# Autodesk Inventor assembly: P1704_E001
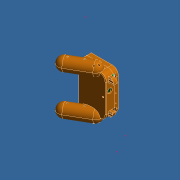
[picture p0: Inventor's stored thumbnail of the model, 180x180]
Saved by Autodesk Inventor 2019 (Build 230136000, 136)
## iProperties
Created: 2019-04-29
Part Number: P1704_E001
Material: Générique
Document SubType Name: Assembly
Designer: Joan.MAILLARD
Author: Joan.MAILLARD
## Documents named in this file (19)
- P:\projet_manette\manette\06_Dessins\2019\Manette universelle\P1704_E001.iam
- P:\projet_manette\manette\06_Dessins\2019\Manette universelle\P1704_001_basManette.ipt
- P:\projet_manette\manette\06_Dessins\2019\Manette universelle\P1704_006_gachette.ipt
- P:\projet_manette\manette\06_Dessins\2019\Manette universelle\P1704_007_guideRessort.ipt
- P:\projet_manette\manette\06_Dessins\2019\Manette universelle\P1704_002_mainDroiteInterieur.ipt
- P:\projet_manette\manette\06_Dessins\2019\Manette universelle\P1704_003_mainGaucheInterieur.ipt
- P:\projet_manette\manette\06_Dessins\2019\Manette universelle\P1704_009_slider.ipt
- P:\projet_manette\manette\06_Dessins\2019\Manette universelle\P1704_011_4buttonPCB.ipt
- P:\projet_manette\manette\06_Dessins\2019\Manette universelle\P1704_010_startSelectPCB.ipt
- P:\projet_manette\manette\06_Dessins\2019\Manette universelle\P1704_012_joystick.ipt
- P:\projet_manette\manette\06_Dessins\2019\Manette universelle\P1704_014_Display.ipt
- P:\projet_manette\manette\06_Dessins\2019\Manette universelle\P1704_015_rumble.ipt
- P:\projet_manette\manette\06_Dessins\2019\Manette universelle\P1704_008_pcb.ipt
- P:\projet_manette\manette\06_Dessins\2019\Manette universelle\P1704_018_hautManette.ipt
- P:\projet_manette\manette\06_Dessins\2019\Manette universelle\P1704_E003_button.iam
- P:\projet_manette\manette\06_Dessins\2019\Manette universelle\P1704_016_Button.ipt
- P:\projet_manette\manette\06_Dessins\2019\Manette universelle\P1704_019_button_triangle_cap.ipt
- P:\projet_manette\manette\06_Dessins\2019\Manette universelle\P1704_013_Switch.ipt
- P:\projet_manette\manette\06_Dessins\2019\Manette universelle\P1704_004_mainDroiteExterieur.ipt
## Components (37 placed, 18 different names)
1. P1704_001_basManette:1 — Placage:20, Placage:22, Placage:24, Placage:26, Placage:27, Placage:30, Placage:31, Placage:32, Placage:33, Placage:34, Placage:35, Placage:38, Placage:41, Placage:42, Placage:43, Placage:49, Affleurement:4, Affleurement:5, Placage:97, Affleurement:6, Placage:98, Placage:99, Placage:100, Placage:101, Placage:102, Placage:103, Placage:104, Placage:110, Placage:113, Placage:115, Placage:116, Placage:117, Placage:120
2. P1704_006_gachette:1 — Rotation:2, Glissière:4, Placage:26, Placage:27, Affleurement:1
3. P1704_006_gachette:2 — Rotation:1, Glissière:3, Affleurement:7, Placage:120
4. P1704_007_guideRessort:1 — Rotation:1
5. P1704_007_guideRessort:2 — Rotation:2
6. P1704_002_mainDroiteInterieur:1 — Placage:110, Placage:114, Placage:118
7. P1704_003_mainGaucheInterieur:1 — Placage:104, Placage:111, Placage:112
8. P1704_009_slider:1 — Glissière:3, Affleurement:7
9. P1704_009_slider:2 — Glissière:4, Affleurement:1
10. manette_2019_boutons.kicad_pcb_Contour:1 — Placage:22, Placage:52, Placage:53, Placage:54, Placage:56, Angle:1, Angle:2, Placage:57, Placage:58, Placage:59, Placage:60, Angle:3, Placage:61, Placage:62, Placage:63, Angle:4, Placage:64, Placage:65, Affleurement:6
11. manette_2019_boutons.kicad_pcb_Contour:2 — Placage:20, Placage:66, Placage:67, Placage:68, Placage:69, Placage:70, Angle:5, Angle:6, Angle:7, Angle:8, Placage:71, Placage:72, Placage:73, Placage:74, Placage:75, Placage:76, Placage:77, Angle:9, Angle:10, Angle:11, Angle:12, Placage:86, Placage:97
12. Manette_2019_PCB_Central.kicad_pcb_Contour:1 — Placage:24, Placage:87, Placage:88, Placage:89, Placage:90, Placage:91, Angle:13, Angle:14, Placage:92, Placage:93, Angle:15, Placage:98
13. P1704_012_joystick:1 — Placage:30, Placage:31, Placage:48
14. P1704_012_joystick:2 — Placage:32, Placage:33, Placage:47
15. P1704_014_Display:1 — Placage:38, Placage:50, Placage:96
16. P1704_015_rumble:1 — Placage:34, Placage:102
17. P1704_015_rumble:2 — Placage:35, Placage:103
18. manette_2019.kicad_pcb_Contour:1 — Placage:41, Placage:42, Placage:43, Placage:47, Placage:48
19. P1704_018_hautManette:1 — Placage:49, Affleurement:4, Affleurement:5, Placage:50, Placage:65, Placage:86, Placage:87, Placage:96
20. P1704_E003_button:1 [sub-assembly] — Placage:56, Angle:2, Placage:57, Placage:58
21. P1704_E003_button:2 [sub-assembly] — Placage:52, Placage:53, Placage:54, Angle:1
22. P1704_E003_button:3 [sub-assembly] — Placage:59, Placage:63, Angle:4, Placage:64
23. P1704_E003_button:4 [sub-assembly] — Placage:60, Angle:3, Placage:61, Placage:62
24. P1704_016_Button:1 — Placage:68, Angle:7, Placage:76, Placage:77, Placage:84, Placage:85
25. P1704_016_Button:2 — Placage:66, Angle:8, Placage:74, Placage:75, Placage:82, Placage:83
26. P1704_016_Button:3 — Placage:69, Angle:6, Placage:72, Placage:73, Placage:80, Placage:81
27. P1704_016_Button:4 — Placage:67, Placage:70, Angle:5, Placage:71, Placage:78, Placage:79
28. P1704_019_button_triangle_cap:1 — Placage:82, Placage:83, Angle:12
29. P1704_019_button_triangle_cap:2 — Placage:84, Placage:85, Angle:11
30. P1704_019_button_triangle_cap:3 — Placage:78, Placage:79, Angle:10
31. P1704_019_button_triangle_cap:4 — Placage:80, Placage:81, Angle:9
32. P1704_019_button_triangle_cap:5 — Placage:94, Placage:95, Angle:15
33. P1704_E003_button:5 [sub-assembly] — Placage:89, Placage:91, Angle:13, Placage:92
34. P1704_016_Button:5 — Placage:88, Placage:90, Angle:14, Placage:93, Placage:94, Placage:95
35. P1704_013_Switch:1 — Placage:99, Placage:100, Placage:101
36. P1704_004_mainDroiteExterieur:1 — Placage:111, Placage:112, Placage:113, Placage:116
37. P1704_004_mainDroiteExterieur:2 — Placage:114, Placage:115, Placage:117, Placage:118
## Relationships (105: Mate 81, Angle 15, Flush 5, RevoluteJoint 2, TranslationJoint 2)
- Rotation:1 [RevoluteJoint] (4.5 mm): P1704_006_gachette:2 ↔ P1704_007_guideRessort:1
- Rotation:2 [RevoluteJoint] (4.5 mm): P1704_006_gachette:1 ↔ P1704_007_guideRessort:2
- Glissière:3 [TranslationJoint]: P1704_006_gachette:2 ↔ P1704_009_slider:1
- Glissière:4 [TranslationJoint]: P1704_006_gachette:1 ↔ P1704_009_slider:2
- Placage:20 [Mate] (10 mm): P1704_001_basManette:1 ↔ manette_2019_boutons.kicad_pcb_Contour:2
- Placage:22 [Mate] (5 mm): P1704_001_basManette:1 ↔ manette_2019_boutons.kicad_pcb_Contour:1
- Placage:24 [Mate] (57.5375 mm): P1704_001_basManette:1 ↔ Manette_2019_PCB_Central.kicad_pcb_Contour:1
- Placage:26 [Mate]: P1704_001_basManette:1 ↔ P1704_006_gachette:1
- Placage:27 [Mate]: P1704_001_basManette:1 ↔ P1704_006_gachette:1
- Affleurement:1 [Flush]: P1704_006_gachette:1 ↔ P1704_009_slider:2
- Placage:30 [Mate] (35 mm): P1704_001_basManette:1 ↔ P1704_012_joystick:1
- Placage:31 [Mate] (40 mm): P1704_001_basManette:1 ↔ P1704_012_joystick:1
- Placage:32 [Mate] (35 mm): P1704_001_basManette:1 ↔ P1704_012_joystick:2
- Placage:33 [Mate] (35 mm): P1704_001_basManette:1 ↔ P1704_012_joystick:2
- Placage:34 [Mate]: P1704_001_basManette:1 ↔ P1704_015_rumble:1
- Placage:35 [Mate]: P1704_001_basManette:1 ↔ P1704_015_rumble:2
- Placage:38 [Mate] (53.375 mm): P1704_001_basManette:1 ↔ P1704_014_Display:1
- Placage:41 [Mate]: P1704_001_basManette:1 ↔ manette_2019.kicad_pcb_Contour:1
- Placage:42 [Mate]: P1704_001_basManette:1 ↔ manette_2019.kicad_pcb_Contour:1
- Placage:43 [Mate]: P1704_001_basManette:1 ↔ manette_2019.kicad_pcb_Contour:1
- Placage:47 [Mate] (7 mm): P1704_012_joystick:2 ↔ manette_2019.kicad_pcb_Contour:1
- Placage:48 [Mate] (7 mm): P1704_012_joystick:1 ↔ manette_2019.kicad_pcb_Contour:1
- Placage:49 [Mate]: P1704_001_basManette:1 ↔ P1704_018_hautManette:1
- Affleurement:4 [Flush]: P1704_001_basManette:1 ↔ P1704_018_hautManette:1
- Affleurement:5 [Flush]: P1704_001_basManette:1 ↔ P1704_018_hautManette:1
- Placage:50 [Mate]: P1704_014_Display:1 ↔ P1704_018_hautManette:1
- Placage:52 [Mate]: manette_2019_boutons.kicad_pcb_Contour:1 ↔ P1704_E003_button:2
- Placage:53 [Mate] (-37.465 mm): manette_2019_boutons.kicad_pcb_Contour:1 ↔ P1704_E003_button:2
- Placage:54 [Mate] (-19.05 mm): manette_2019_boutons.kicad_pcb_Contour:1 ↔ P1704_E003_button:2
- Placage:56 [Mate] (-24.765 mm): manette_2019_boutons.kicad_pcb_Contour:1 ↔ P1704_E003_button:1
- Angle:1 (0 deg): manette_2019_boutons.kicad_pcb_Contour:1 ↔ P1704_E003_button:2
- Angle:2 (0 deg): manette_2019_boutons.kicad_pcb_Contour:1 ↔ P1704_E003_button:1
- Placage:57 [Mate]: manette_2019_boutons.kicad_pcb_Contour:1 ↔ P1704_E003_button:1
- Placage:58 [Mate] (-30.48 mm): manette_2019_boutons.kicad_pcb_Contour:1 ↔ P1704_E003_button:1
- Placage:59 [Mate]: manette_2019_boutons.kicad_pcb_Contour:1 ↔ P1704_E003_button:3
- Placage:60 [Mate]: manette_2019_boutons.kicad_pcb_Contour:1 ↔ P1704_E003_button:4
- Angle:3 (0 deg): manette_2019_boutons.kicad_pcb_Contour:1 ↔ P1704_E003_button:4
- Placage:61 [Mate] (-24.765 mm): manette_2019_boutons.kicad_pcb_Contour:1 ↔ P1704_E003_button:4
- Placage:62 [Mate] (-7.62 mm): manette_2019_boutons.kicad_pcb_Contour:1 ↔ P1704_E003_button:4
- Placage:63 [Mate] (-12.065 mm): manette_2019_boutons.kicad_pcb_Contour:1 ↔ P1704_E003_button:3
- Angle:4 (0 deg): manette_2019_boutons.kicad_pcb_Contour:1 ↔ P1704_E003_button:3
- Placage:64 [Mate] (-19.05 mm): manette_2019_boutons.kicad_pcb_Contour:1 ↔ P1704_E003_button:3
- Placage:65 [Mate] (10 mm): manette_2019_boutons.kicad_pcb_Contour:1 ↔ P1704_018_hautManette:1
- Placage:66 [Mate]: manette_2019_boutons.kicad_pcb_Contour:2 ↔ P1704_016_Button:2
- Placage:67 [Mate]: manette_2019_boutons.kicad_pcb_Contour:2 ↔ P1704_016_Button:4
- Placage:68 [Mate]: manette_2019_boutons.kicad_pcb_Contour:2 ↔ P1704_016_Button:1
- Placage:69 [Mate]: manette_2019_boutons.kicad_pcb_Contour:2 ↔ P1704_016_Button:3
- Placage:70 [Mate] (-7.62 mm): manette_2019_boutons.kicad_pcb_Contour:2 ↔ P1704_016_Button:4
- Angle:5 (0 deg): manette_2019_boutons.kicad_pcb_Contour:2 ↔ P1704_016_Button:4
- Angle:6 (0 deg): manette_2019_boutons.kicad_pcb_Contour:2 ↔ P1704_016_Button:3
- Angle:7 (0 deg): manette_2019_boutons.kicad_pcb_Contour:2 ↔ P1704_016_Button:1
- Angle:8 (0 deg): manette_2019_boutons.kicad_pcb_Contour:2 ↔ P1704_016_Button:2
- Placage:71 [Mate] (-24.765 mm): manette_2019_boutons.kicad_pcb_Contour:2 ↔ P1704_016_Button:4
- Placage:72 [Mate] (-12.065 mm): manette_2019_boutons.kicad_pcb_Contour:2 ↔ P1704_016_Button:3
- Placage:73 [Mate] (-19.05 mm): manette_2019_boutons.kicad_pcb_Contour:2 ↔ P1704_016_Button:3
- Placage:74 [Mate] (-30.48 mm): manette_2019_boutons.kicad_pcb_Contour:2 ↔ P1704_016_Button:2
- Placage:75 [Mate] (-24.765 mm): manette_2019_boutons.kicad_pcb_Contour:2 ↔ P1704_016_Button:2
- Placage:76 [Mate] (-37.465 mm): manette_2019_boutons.kicad_pcb_Contour:2 ↔ P1704_016_Button:1
- Placage:77 [Mate] (-19.05 mm): manette_2019_boutons.kicad_pcb_Contour:2 ↔ P1704_016_Button:1
- Placage:78 [Mate]: P1704_016_Button:4 ↔ P1704_019_button_triangle_cap:3
- Placage:79 [Mate]: P1704_016_Button:4 ↔ P1704_019_button_triangle_cap:3
- Placage:80 [Mate]: P1704_016_Button:3 ↔ P1704_019_button_triangle_cap:4
- Placage:81 [Mate]: P1704_016_Button:3 ↔ P1704_019_button_triangle_cap:4
- Placage:82 [Mate]: P1704_016_Button:2 ↔ P1704_019_button_triangle_cap:1
- Placage:83 [Mate]: P1704_016_Button:2 ↔ P1704_019_button_triangle_cap:1
- Placage:84 [Mate]: P1704_016_Button:1 ↔ P1704_019_button_triangle_cap:2
- Placage:85 [Mate]: P1704_016_Button:1 ↔ P1704_019_button_triangle_cap:2
- Angle:9 (180 deg): manette_2019_boutons.kicad_pcb_Contour:2 ↔ P1704_019_button_triangle_cap:4
- Angle:10 (180 deg): manette_2019_boutons.kicad_pcb_Contour:2 ↔ P1704_019_button_triangle_cap:3
- Angle:11 (180 deg): manette_2019_boutons.kicad_pcb_Contour:2 ↔ P1704_019_button_triangle_cap:2
- Angle:12 (180 deg): manette_2019_boutons.kicad_pcb_Contour:2 ↔ P1704_019_button_triangle_cap:1
- Placage:86 [Mate] (10 mm): manette_2019_boutons.kicad_pcb_Contour:2 ↔ P1704_018_hautManette:1
- Placage:87 [Mate] (10 mm): Manette_2019_PCB_Central.kicad_pcb_Contour:1 ↔ P1704_018_hautManette:1
- Placage:88 [Mate]: Manette_2019_PCB_Central.kicad_pcb_Contour:1 ↔ P1704_016_Button:5
- Placage:89 [Mate]: Manette_2019_PCB_Central.kicad_pcb_Contour:1 ↔ P1704_E003_button:5
- Placage:90 [Mate] (-8.128 mm): Manette_2019_PCB_Central.kicad_pcb_Contour:1 ↔ P1704_016_Button:5
- Placage:91 [Mate] (-8.128 mm): Manette_2019_PCB_Central.kicad_pcb_Contour:1 ↔ P1704_E003_button:5
- Angle:13 (0 deg): Manette_2019_PCB_Central.kicad_pcb_Contour:1 ↔ P1704_E003_button:5
- Angle:14 (0 deg): Manette_2019_PCB_Central.kicad_pcb_Contour:1 ↔ P1704_016_Button:5
- Placage:92 [Mate] (-8.636 mm): Manette_2019_PCB_Central.kicad_pcb_Contour:1 ↔ P1704_E003_button:5
- Placage:93 [Mate] (-28.321 mm): Manette_2019_PCB_Central.kicad_pcb_Contour:1 ↔ P1704_016_Button:5
- Placage:94 [Mate]: P1704_019_button_triangle_cap:5 ↔ P1704_016_Button:5
- Placage:95 [Mate]: P1704_019_button_triangle_cap:5 ↔ P1704_016_Button:5
- Angle:15 (180 deg): Manette_2019_PCB_Central.kicad_pcb_Contour:1 ↔ P1704_019_button_triangle_cap:5
- Placage:96 [Mate] (0.5 mm): P1704_014_Display:1 ↔ P1704_018_hautManette:1
- Placage:97 [Mate] (58 mm): P1704_001_basManette:1 ↔ manette_2019_boutons.kicad_pcb_Contour:2
- Affleurement:6 [Flush] (45 mm): P1704_001_basManette:1 ↔ manette_2019_boutons.kicad_pcb_Contour:1
- Placage:98 [Mate] (55 mm): P1704_001_basManette:1 ↔ Manette_2019_PCB_Central.kicad_pcb_Contour:1
- Placage:99 [Mate]: P1704_001_basManette:1 ↔ P1704_013_Switch:1
- Placage:100 [Mate] (5 mm): P1704_001_basManette:1 ↔ P1704_013_Switch:1
- Placage:101 [Mate] (50 mm): P1704_001_basManette:1 ↔ P1704_013_Switch:1
- Placage:102 [Mate]: P1704_001_basManette:1 ↔ P1704_015_rumble:1
- Placage:103 [Mate]: P1704_001_basManette:1 ↔ P1704_015_rumble:2
- Placage:104 [Mate]: P1704_001_basManette:1 ↔ P1704_003_mainGaucheInterieur:1
- Placage:110 [Mate]: P1704_001_basManette:1 ↔ P1704_002_mainDroiteInterieur:1
- Placage:111 [Mate]: P1704_003_mainGaucheInterieur:1 ↔ P1704_004_mainDroiteExterieur:1
- Placage:112 [Mate]: P1704_003_mainGaucheInterieur:1 ↔ P1704_004_mainDroiteExterieur:1
- Placage:113 [Mate]: P1704_001_basManette:1 ↔ P1704_004_mainDroiteExterieur:1
- Placage:114 [Mate]: P1704_002_mainDroiteInterieur:1 ↔ P1704_004_mainDroiteExterieur:2
- Placage:115 [Mate]: P1704_001_basManette:1 ↔ P1704_004_mainDroiteExterieur:2
- Placage:116 [Mate]: P1704_001_basManette:1 ↔ P1704_004_mainDroiteExterieur:1
- Placage:117 [Mate]: P1704_001_basManette:1 ↔ P1704_004_mainDroiteExterieur:2
- Placage:118 [Mate]: P1704_002_mainDroiteInterieur:1 ↔ P1704_004_mainDroiteExterieur:2
- Affleurement:7 [Flush]: P1704_006_gachette:2 ↔ P1704_009_slider:1
- Placage:120 [Mate]: P1704_001_basManette:1 ↔ P1704_006_gachette:2
- - -
● **Work instruction**: In the entries above, one line contains "- Placage:103 [Mate]: P1704_001_basManette:1" and another contains "- Placage:115 [Mate]: P1704_001_basManette:1". Reproduce exactly those two lines and the lines between them, nothing else.

● **Written solution**:
- Placage:103 [Mate]: P1704_001_basManette:1 ↔ P1704_015_rumble:2
- Placage:104 [Mate]: P1704_001_basManette:1 ↔ P1704_003_mainGaucheInterieur:1
- Placage:110 [Mate]: P1704_001_basManette:1 ↔ P1704_002_mainDroiteInterieur:1
- Placage:111 [Mate]: P1704_003_mainGaucheInterieur:1 ↔ P1704_004_mainDroiteExterieur:1
- Placage:112 [Mate]: P1704_003_mainGaucheInterieur:1 ↔ P1704_004_mainDroiteExterieur:1
- Placage:113 [Mate]: P1704_001_basManette:1 ↔ P1704_004_mainDroiteExterieur:1
- Placage:114 [Mate]: P1704_002_mainDroiteInterieur:1 ↔ P1704_004_mainDroiteExterieur:2
- Placage:115 [Mate]: P1704_001_basManette:1 ↔ P1704_004_mainDroiteExterieur:2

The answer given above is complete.